Dealing with COVID fatigue in the workplace

Fact or fiction? 2020 has been the longest five years ever.

Fact: Technically, it’s been less than a year. And it’s been exhausting. COVID-fatigue is a real thing.

More than just being tired of trying to live and work during a pandemic, COVID-fatigue also describes our overwhelming desire to get back to normal — to live our normal day-to-day lives, enjoy our normal day-to-day activities, and go to work and do our normal day-to-day jobs.

Since the pandemic was declared in March, many people in Canada have returned to their workplaces, while others continue to work remotely. In either case, we’ve had to adjust to new routines and new ways of doing things – be it attending client meetings via Zoom or masking up in the office.

With no end to the pandemic forecast anytime soon and with many regions now dealing with a second wave of COVID cases, it’s no surprise people are finding it difficult to stay vigilant – and even harder to stay optimistic.

Living with long-term uncertainty is not easy, but it’s what we’ve been dealt, at least until there’s a vaccine for COVID-19. Since we don’t know when that will be, there are actions employers can take now to help their employees get through some strange and disconcerting times.

Acknowledge it’s not business as usual.

Did you know the average workday is 48.5 minutes longer than it was before the pandemic, and meetings have gone up by nearly 13 per cent? This, according to the National Bureau of Economic Research, is due in a large part to more employees working from home, where the line between work and home is blurred. Some of the other downsides remote working employees are dealing with include more difficulty working collaboratively, less motivation to tackle projects and a rise in drinking on the job as people try to manage the stress.

It’s not always a picnic for those going into the workplace, either. Health restrictions may hinder any meaningful interaction between coworkers. And many feel additional stress from having to be around other people who may or may not be taking proper precautions against the virus.

Fixing COVID may be out of your wheelhouse, but you can ease your employees’ burden by shedding light on their struggles, listening to their concerns and sharing your own. You might even be able to address some of their worries with simple actions, like reducing the number of meetings they need to attend, being flexible when it comes to whether or not an employee needs to physically come into the office or what hours they must work, and offering access to mental health and emotional supports when necessary.

Be Positive.

That’s “state-of-mind” positive, of course, not COVID positive.
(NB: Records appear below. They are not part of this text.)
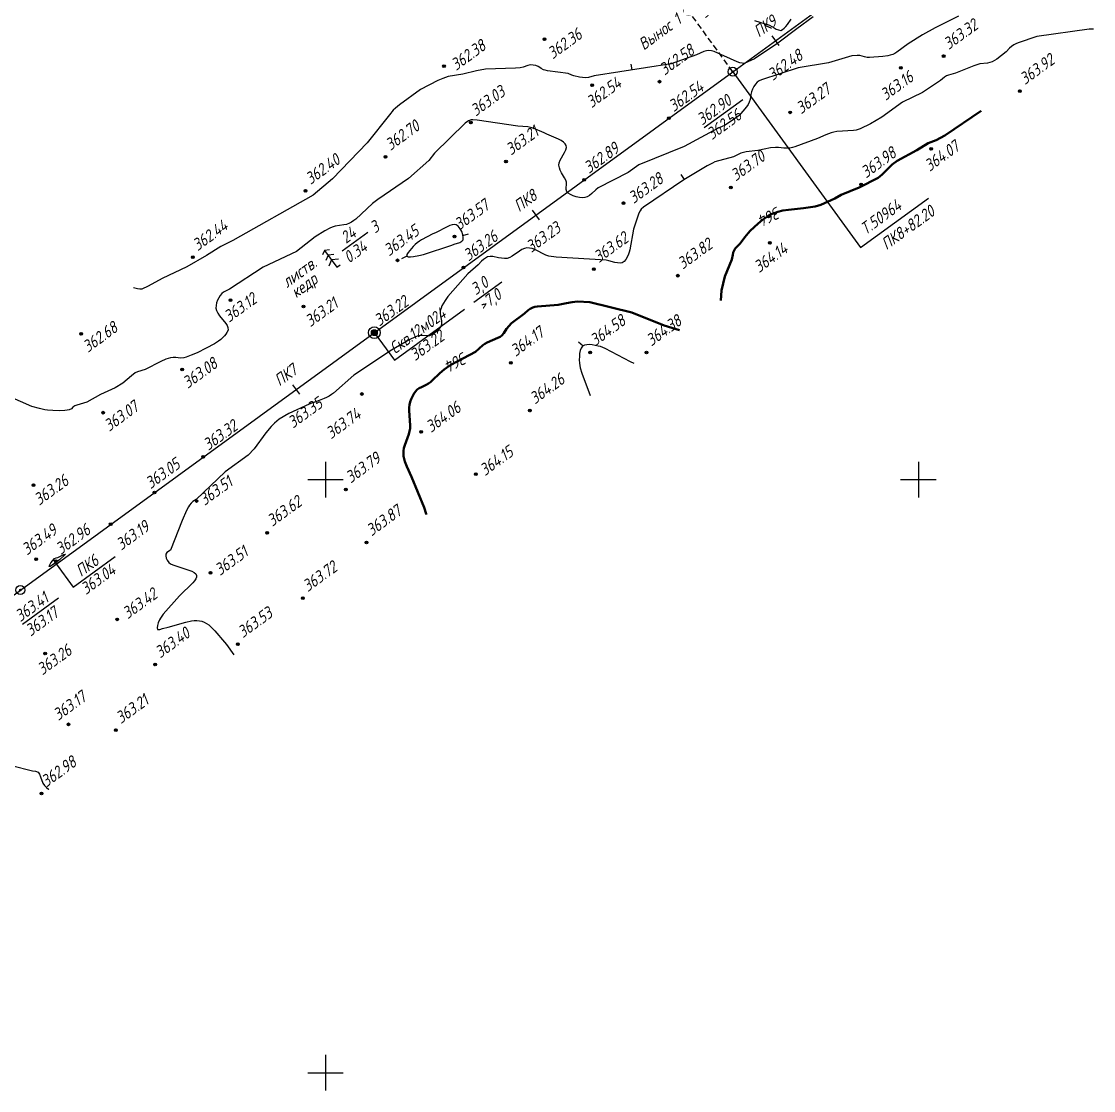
# Model space of a CAD drawing. Extents: x 1514039 to 1515876, y 2182924 to 2184238.
# Drawn here: x 1514697.4 to 1515059.1, y 2183194 to 2183554.5 of the extents above; entities that cross this region are included whole.
import ezdxf
from ezdxf.enums import TextEntityAlignment as Align

# ---------------------------------------------------------------- set-up
doc = ezdxf.new("R2010")
doc.units = 0
doc.linetypes.add('ИИHidden', pattern=[3, 2, -1])
for name, color, linetype, lineweight in [('ИИ_ГЕОПУНКТ_025', 7, 'Continuous', 25), ('ИИ_ГЕОСЕТКА_025', 3, 'Continuous', 25), ('ИИ_ОТМЕТКА_025', 7, 'Continuous', 25), ('ИИ_ПИКЕТАЖ_025', 7, 'Continuous', 25), ('ИИ_РЕЛЬЕФ_025', 34, 'Continuous', 25), ('ИИ_РЕЛЬЕФ_050', 34, 'Continuous', 50), ('ИИ_СКВАЖИНА_025', 7, 'Continuous', 25), ('ИИ_ТРАССА_ТРУБ_025', 7, 'Continuous', 25), ('ИИ_УГОДЬЯ_025', 7, 'Continuous', 25)]:
    doc.layers.add(name, color=color, linetype=linetype, lineweight=lineweight)
doc.styles.add('VNIPISIMPLEXCUR', font='simplex.shx', dxfattribs={"width": 0.8, "oblique": 15})

# ---------------------------------------------------------------- blocks, each defined once
blk = doc.blocks.new('PICKET')
at = {"color": 0, "linetype": 'Continuous', "lineweight": 25}
for p, q in [((-0.23, 0), (0.23, 0)), ((0, 0.23), (0, -0.23))]:
    blk.add_line(p, q, dxfattribs=at)
blk.add_circle((0, 0), 0.23, dxfattribs=at)
at = {"color": 0, "linetype": 'Continuous', "style": 'VNIPISIMPLEXCUR', "oblique": 15, "width": 0.8}
blk.add_attdef('OTMETKA', (1.25, 0.3), '', height=2, dxfattribs=at)
at = {"color": 8, "linetype": 'Continuous', "style": 'VNIPISIMPLEXCUR', "oblique": 15, "width": 0.8, "flags": 1}
blk.add_attdef('NOMER', (1.25, -2.7), '', height=2, dxfattribs=at)
blk = doc.blocks.new('ИИ15001')
at = {"color": 0, "linetype": 'Continuous', "lineweight": 25}
blk.add_lwpolyline([(0, 1), (0, -1)], dxfattribs=at)
at = {"color": 0, "linetype": 'Continuous', "lineweight": 25, "style": 'VNIPISIMPLEXCUR', "oblique": 15, "width": 0.8}
blk.add_attdef('STATIONING', text='', height=2, dxfattribs=at).set_placement((0, 2), align=Align.CENTER)
at = {"color": 7, "linetype": 'Continuous', "lineweight": 25, "style": 'VNIPISIMPLEXCUR', "oblique": 15, "width": 0.8}
blk.add_attdef('HEIGHT', text='', height=2, dxfattribs=at).set_placement((0, -2), align=Align.TOP_CENTER)
blk = doc.blocks.new('ИИ050052Р')
at = {"linetype": 'Continuous', "lineweight": 25}
h = blk.add_hatch(color=0, dxfattribs=at)
edge = h.paths.add_edge_path()
edge.add_arc((0, 0), 0.15, 0, 360)
at = {"color": 0, "linetype": 'Continuous', "lineweight": 25}
for radius in [0.75, 0.15]:
    blk.add_circle((0, 0), radius, dxfattribs=at)
at = {"color": 0, "linetype": 'Continuous', "style": 'VNIPISIMPLEXCUR', "oblique": 15, "width": 0.8}
for tag, p in [('CENTRE', (1.45, 0.7)), ('HEIGHT', (1.45, -2.7))]:
    blk.add_attdef(tag, p, '', height=2, dxfattribs=at)
for tag, p in [('NUMBER', (-2, -1)), ('STATIONING', (-2, -4.4)), ('ALPHA', (-2, -7.8))]:
    blk.add_attdef(tag, text='', height=2, dxfattribs=at).set_placement(p, align=Align.RIGHT)
at = {"color": 253, "linetype": 'Continuous', "style": 'VNIPISIMPLEXCUR', "oblique": 15, "width": 0.8, "flags": 1}
blk.add_attdef('NOTE', text='', height=1.6, dxfattribs=at).set_placement((-2, -10.8), align=Align.RIGHT)
blk = doc.blocks.new('ИИ25001')
at = {"linetype": 'Continuous'}
h = blk.add_hatch(color=0, dxfattribs=at)
edge = h.paths.add_edge_path()
edge.add_arc((0, 0), 0.5, 0, 360)
at = {"color": 0, "linetype": 'Continuous'}
for radius in [1, 0.5]:
    blk.add_circle((0, 0), radius, dxfattribs=at)
at = {"color": 0, "style": 'VNIPISIMPLEXCUR', "oblique": 15, "width": 0.8}
for tag, p in [('NUMBER', (2, 0.7)), ('STS', (14.22, 0.7)), ('EGWL', (38.32, 0.7)), ('TFS', (19.08, -1)), ('HEIGHT', (2, -2.7)), ('FS', (14.22, -2.7)), ('AGWL', (36.59, -2.7))]:
    blk.add_attdef(tag, p, '', height=2, dxfattribs=at)
at = {"color": 253, "style": 'VNIPISIMPLEXCUR', "oblique": 15, "width": 0.8, "flags": 1}
for tag, p in [('DATE', (-2.5, -0.8)), ('NOTE1', (-2.5, -3.2)), ('NOTE2', (-2.5, -5.6))]:
    blk.add_attdef(tag, text='', height=1.6, dxfattribs=at).set_placement(p, align=Align.RIGHT)
blk = doc.blocks.new('ИИ053672А')
at = {"color": 0, "linetype": 'Continuous'}
for points in [[(0.85, 2.01), (0, 2.5), (-0.85, 2.01)], [(0.7, 3.1), (0, 3.5), (-0.7, 3.1)], [(0, 3.5), (0, 0), (0.7, 0)], [(1, 0.92), (0, 1.5), (-1, 0.92)]]:
    blk.add_lwpolyline(points, dxfattribs=at)
at = {"color": 0, "linetype": 'Continuous', "style": 'VNIPISIMPLEXCUR', "oblique": 15, "width": 0.8}
blk.add_attdef('RACE1', text='', height=2, dxfattribs=at).set_placement((-2, 2.25), align=Align.RIGHT)
blk.add_attdef('HEIGHT', (2, 2.25), '', height=2, dxfattribs=at)
blk.add_attdef('DISTANCE', text='', height=2, dxfattribs=at).set_placement((8.5, 1.75), align=Align.MIDDLE_LEFT)
blk.add_attdef('RACE2', text='', height=2, dxfattribs=at).set_placement((-2, 1.25), align=Align.TOP_RIGHT)
blk.add_attdef('THICKNESS', text='', height=2, dxfattribs=at).set_placement((2, 1.25), align=Align.TOP_LEFT)
blk = doc.blocks.new('ИИ053296')
at = {"color": 0, "linetype": 'Continuous', "lineweight": 25}
blk.add_lwpolyline([(0, 0), (1, 0)], dxfattribs=at)
blk = doc.blocks.new('ИИ05012')
at = {"color": 0, "linetype": 'Continuous', "flags": 128}
for points in [[(0, 3), (0, -3)], [(-3, 0), (3, 0)]]:
    blk.add_lwpolyline(points, dxfattribs=at)

msp = doc.modelspace()

# ---------------------------------------------------------------- linework, layer by layer
at = {"layer": 'ИИ_ГЕОПУНКТ_025'}
for points in [[(1514937.36, 2183537.57), (1514980.483, 2183478.265), (1515003.35, 2183494.892)], [(1514927.72, 2183518.746), (1514940.778, 2183528.241)], [(1514697.795, 2183351.317), (1514709.932, 2183360.142)]]:
    msp.add_lwpolyline(points, dxfattribs=at)
at = {"layer": 'ИИ_ПИКЕТАЖ_025', "color": 4}
msp.add_lwpolyline([(1514709.146, 2183371.571), (1514714.859, 2183363.714), (1514729.096, 2183374.066)], dxfattribs=at)
at = {"layer": 'ИИ_РЕЛЬЕФ_025'}
for points, elevation in [([(1515013.566, 2183556.31), (1515005.621, 2183552.306), (1515001.356, 2183550.043), (1514996.548, 2183547.012), (1514992.757, 2183544.204), (1514992.028, 2183543.751), (1514991.326, 2183543.398), (1514990.468, 2183543.111), (1514989.646, 2183542.954), (1514988.023, 2183542.72), (1514983.518, 2183542.36), (1514982.651, 2183542.372), (1514981.834, 2183542.575), (1514981.029, 2183542.856), (1514980.212, 2183543.073), (1514979.329, 2183543.081), (1514977.522, 2183542.895), (1514969.645, 2183540.536), (1514959.444, 2183538.879), (1514947.057, 2183534.793), (1514946.303, 2183534.469), (1514945.569, 2183534.002), (1514945.041, 2183533.376), (1514944.521, 2183532.563), (1514944.048, 2183531.662), (1514943.664, 2183530.77), (1514943.465, 2183529.911), (1514943.234, 2183528.143), (1514942.955, 2183527.255), (1514942.561, 2183526.509), (1514942.055, 2183525.757), (1514940.805, 2183524.286), (1514939.518, 2183522.846), (1514938.777, 2183522.21), (1514937.137, 2183521.069), (1514934.58, 2183519.439), (1514932.199, 2183518.468), (1514920.956, 2183512.364), (1514905.71, 2183506.145), (1514902.105, 2183503.61), (1514891.941, 2183498.388), (1514891.21, 2183497.785), (1514889.781, 2183496.443), (1514889.049, 2183495.84), (1514888.286, 2183495.374), (1514887.474, 2183495.113), (1514886.61, 2183495.071), (1514885.621, 2183495.178), (1514884.58, 2183495.411), (1514883.56, 2183495.743), (1514882.635, 2183496.151), (1514881.877, 2183496.611), (1514881.36, 2183497.098), (1514881.177, 2183497.793), (1514881.193, 2183498.55), (1514881.325, 2183499.398), (1514881.286, 2183500.285), (1514881.03, 2183501.023), (1514880.627, 2183501.804), (1514879.647, 2183503.46), (1514879.201, 2183504.317), (1514878.885, 2183505.182), (1514878.731, 2183506.042), (1514878.841, 2183506.864), (1514879.17, 2183507.726), (1514880.654, 2183510.363), (1514881.039, 2183511.197), (1514881.234, 2183511.977), (1514881.155, 2183512.684), (1514880.795, 2183513.295), (1514880.219, 2183513.84), (1514879.47, 2183514.333), (1514878.591, 2183514.786), (1514874.641, 2183516.467), (1514873.762, 2183516.92), (1514870.063, 2183518.501), (1514869.142, 2183518.777), (1514868.293, 2183518.935), (1514866.602, 2183519.067), (1514864.911, 2183519.158), (1514851.151, 2183521.266), (1514849.717, 2183521.323), (1514849.159, 2183521.289), (1514848.247, 2183521.034), (1514847.136, 2183520.243), (1514836.706, 2183510.102), (1514834.828, 2183507.624), (1514827.968, 2183501.509), (1514817.647, 2183494.456), (1514815.843, 2183493.101), (1514810.208, 2183487.88), (1514809.506, 2183487.341), (1514808.807, 2183486.87), (1514808.11, 2183486.478), (1514807.125, 2183486.093), (1514806.138, 2183485.872), (1514803.21, 2183485.477), (1514802.258, 2183485.195), (1514801.413, 2183484.824), (1514799.761, 2183483.902), (1514796.501, 2183481.843), (1514790.248, 2183476.989), (1514779, 2183471.66), (1514767.636, 2183464.204), (1514765.571, 2183463.244), (1514764.975, 2183462.739), (1514764.485, 2183462.118), (1514763.996, 2183461.361), (1514763.555, 2183460.508), (1514763.223, 2183459.601), (1514763.063, 2183458.679), (1514762.968, 2183457.797), (1514763.186, 2183456.987), (1514763.648, 2183456.122), (1514764.274, 2183455.229), (1514766.346, 2183452.66), (1514766.84, 2183451.934), (1514767.103, 2183451.32), (1514767.113, 2183450.399), (1514766.751, 2183449.598), (1514766.406, 2183449.044), (1514765.953, 2183448.471), (1514765.387, 2183447.884), (1514764.703, 2183447.285), (1514763.898, 2183446.678), (1514762.521, 2183445.795), (1514759.787, 2183444.283), (1514756.709, 2183442.795), (1514754.719, 2183441.953), (1514752.956, 2183441.329), (1514752.207, 2183441.124), (1514751.189, 2183440.992), (1514750.302, 2183441.041), (1514749.469, 2183441.154), (1514748.614, 2183441.214), (1514747.662, 2183441.102), (1514746.911, 2183440.891), (1514746.12, 2183440.6), (1514744.447, 2183439.837), (1514739.2, 2183437.1), (1514736.601, 2183436.389), (1514735.81, 2183436.045), (1514734.525, 2183435.063), (1514731.677, 2183432.546), (1514729.029, 2183430.93), (1514724.072, 2183428.711), (1514719.513, 2183426.163), (1514716.148, 2183425.145), (1514715.444, 2183424.85), (1514714.808, 2183424.408), (1514714.277, 2183423.936), (1514713.548, 2183423.562), (1514712.869, 2183423.407), (1514712.045, 2183423.301), (1514710.116, 2183423.216), (1514708.066, 2183423.265), (1514706.2, 2183423.407), (1514705.268, 2183423.54), (1514703.513, 2183423.944), (1514700.946, 2183424.637), (1514693.292, 2183427.986)], 363), ([(1514964.546, 2183556.037), (1514958.979, 2183551.995), (1514952.52, 2183547.178), (1514944.658, 2183541.921), (1514941.234, 2183540.349), (1514940.51, 2183540.407), (1514939.726, 2183540.602), (1514938.897, 2183540.902), (1514931.045, 2183544.376), (1514930.187, 2183544.622), (1514929.352, 2183544.715), (1514928.484, 2183544.553), (1514927.626, 2183544.321), (1514925.114, 2183543.204), (1514916.589, 2183540.173), (1514890.58, 2183536.177), (1514888.673, 2183535.645), (1514887.67, 2183535.508), (1514886.7, 2183535.556), (1514885.661, 2183535.716), (1514883.769, 2183536.177), (1514883.088, 2183536.418), (1514881.903, 2183536.955), (1514874.909, 2183537.874), (1514874.129, 2183538.04), (1514873.485, 2183538.229), (1514872.769, 2183538.604), (1514872.265, 2183539.014), (1514871.704, 2183539.35), (1514870.891, 2183539.615), (1514870.005, 2183539.787), (1514869.084, 2183539.827), (1514868.296, 2183539.693), (1514866.642, 2183539.132), (1514865.678, 2183538.91), (1514864.029, 2183538.763), (1514853.917, 2183538.431), (1514850.925, 2183537.875), (1514846.303, 2183536.726), (1514841.396, 2183535.902), (1514840.429, 2183535.632), (1514839.572, 2183535.323), (1514837.879, 2183534.561), (1514832.051, 2183531.614), (1514824.939, 2183526.446), (1514823.609, 2183525.297), (1514822.871, 2183524.551), (1514821.578, 2183523.028), (1514814.084, 2183513.536), (1514802.39, 2183501.419), (1514795.834, 2183495.979), (1514768.725, 2183480.594), (1514764.632, 2183478.596), (1514759.886, 2183475.601), (1514753.218, 2183471.761), (1514744.913, 2183467.787), (1514740.223, 2183465.248), (1514738.074, 2183464.27), (1514737.314, 2183464.261), (1514736.522, 2183464.401), (1514735.189, 2183464.708)], 362.5), ([(1514944.647, 2183554.843), (1514949.817, 2183553.301), (1514950.558, 2183552.846), (1514951.286, 2183552.32), (1514952.043, 2183551.962), (1514952.816, 2183551.691), (1514953.604, 2183551.508), (1514954.131, 2183551.754), (1514954.684, 2183552.19), (1514955.262, 2183552.788), (1514955.861, 2183553.523), (1514957.109, 2183555.3)], 362.5), ([(1515059.072, 2183551.916), (1515058.361, 2183551.956), (1515057.544, 2183551.91), (1515039.95, 2183549.397), (1515033.623, 2183547.332), (1515032.867, 2183547.006), (1515032.205, 2183546.66), (1515031.396, 2183546.1), (1515030.746, 2183545.505), (1515029.54, 2183544.297), (1515026.451, 2183541.818), (1515025.672, 2183541.295), (1515024.884, 2183540.887), (1515024.068, 2183540.614), (1515023.243, 2183540.454), (1515020.754, 2183540.169), (1515018.706, 2183539.574), (1515012.467, 2183537.114), (1515010.178, 2183536.447), (1515009.486, 2183536.151), (1515008.756, 2183535.684), (1515007.434, 2183534.609), (1515001.343, 2183530.538), (1514994.586, 2183527.326), (1514987.691, 2183522.23), (1514983.882, 2183520.02), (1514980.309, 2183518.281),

Positivity is a stronger motivator than negativity, so reframe the rules at work by giving positive reasons for doing or not doing things.

For example, instead of telling staff they can’t sit in the common area at lunch time, suggest other options, like taking a walk outside for exercise. You could even organize a friendly competition to see who can log the most steps in a week. Or encourage staff to use the time to reach out to someone; maybe phone or FaceTime an elderly relative, who would likely appreciate the social interaction.

Be open and transparent.

In the midst of so much uncertainty and factors out of our control, we all appreciate some clarity. Remain upfront about what your organization is doing to keep everyone healthy. Get their input on how to make the workplace safe and comfortable and on what changes may be ahead in the coming weeks and months. Continue checking in with staff, one-on-one and as a group (maybe virtually).

We don’t know when life and work will get back to normal, but we do know this: change and uncertainty – even when it’s constant – is easier when everyone works together.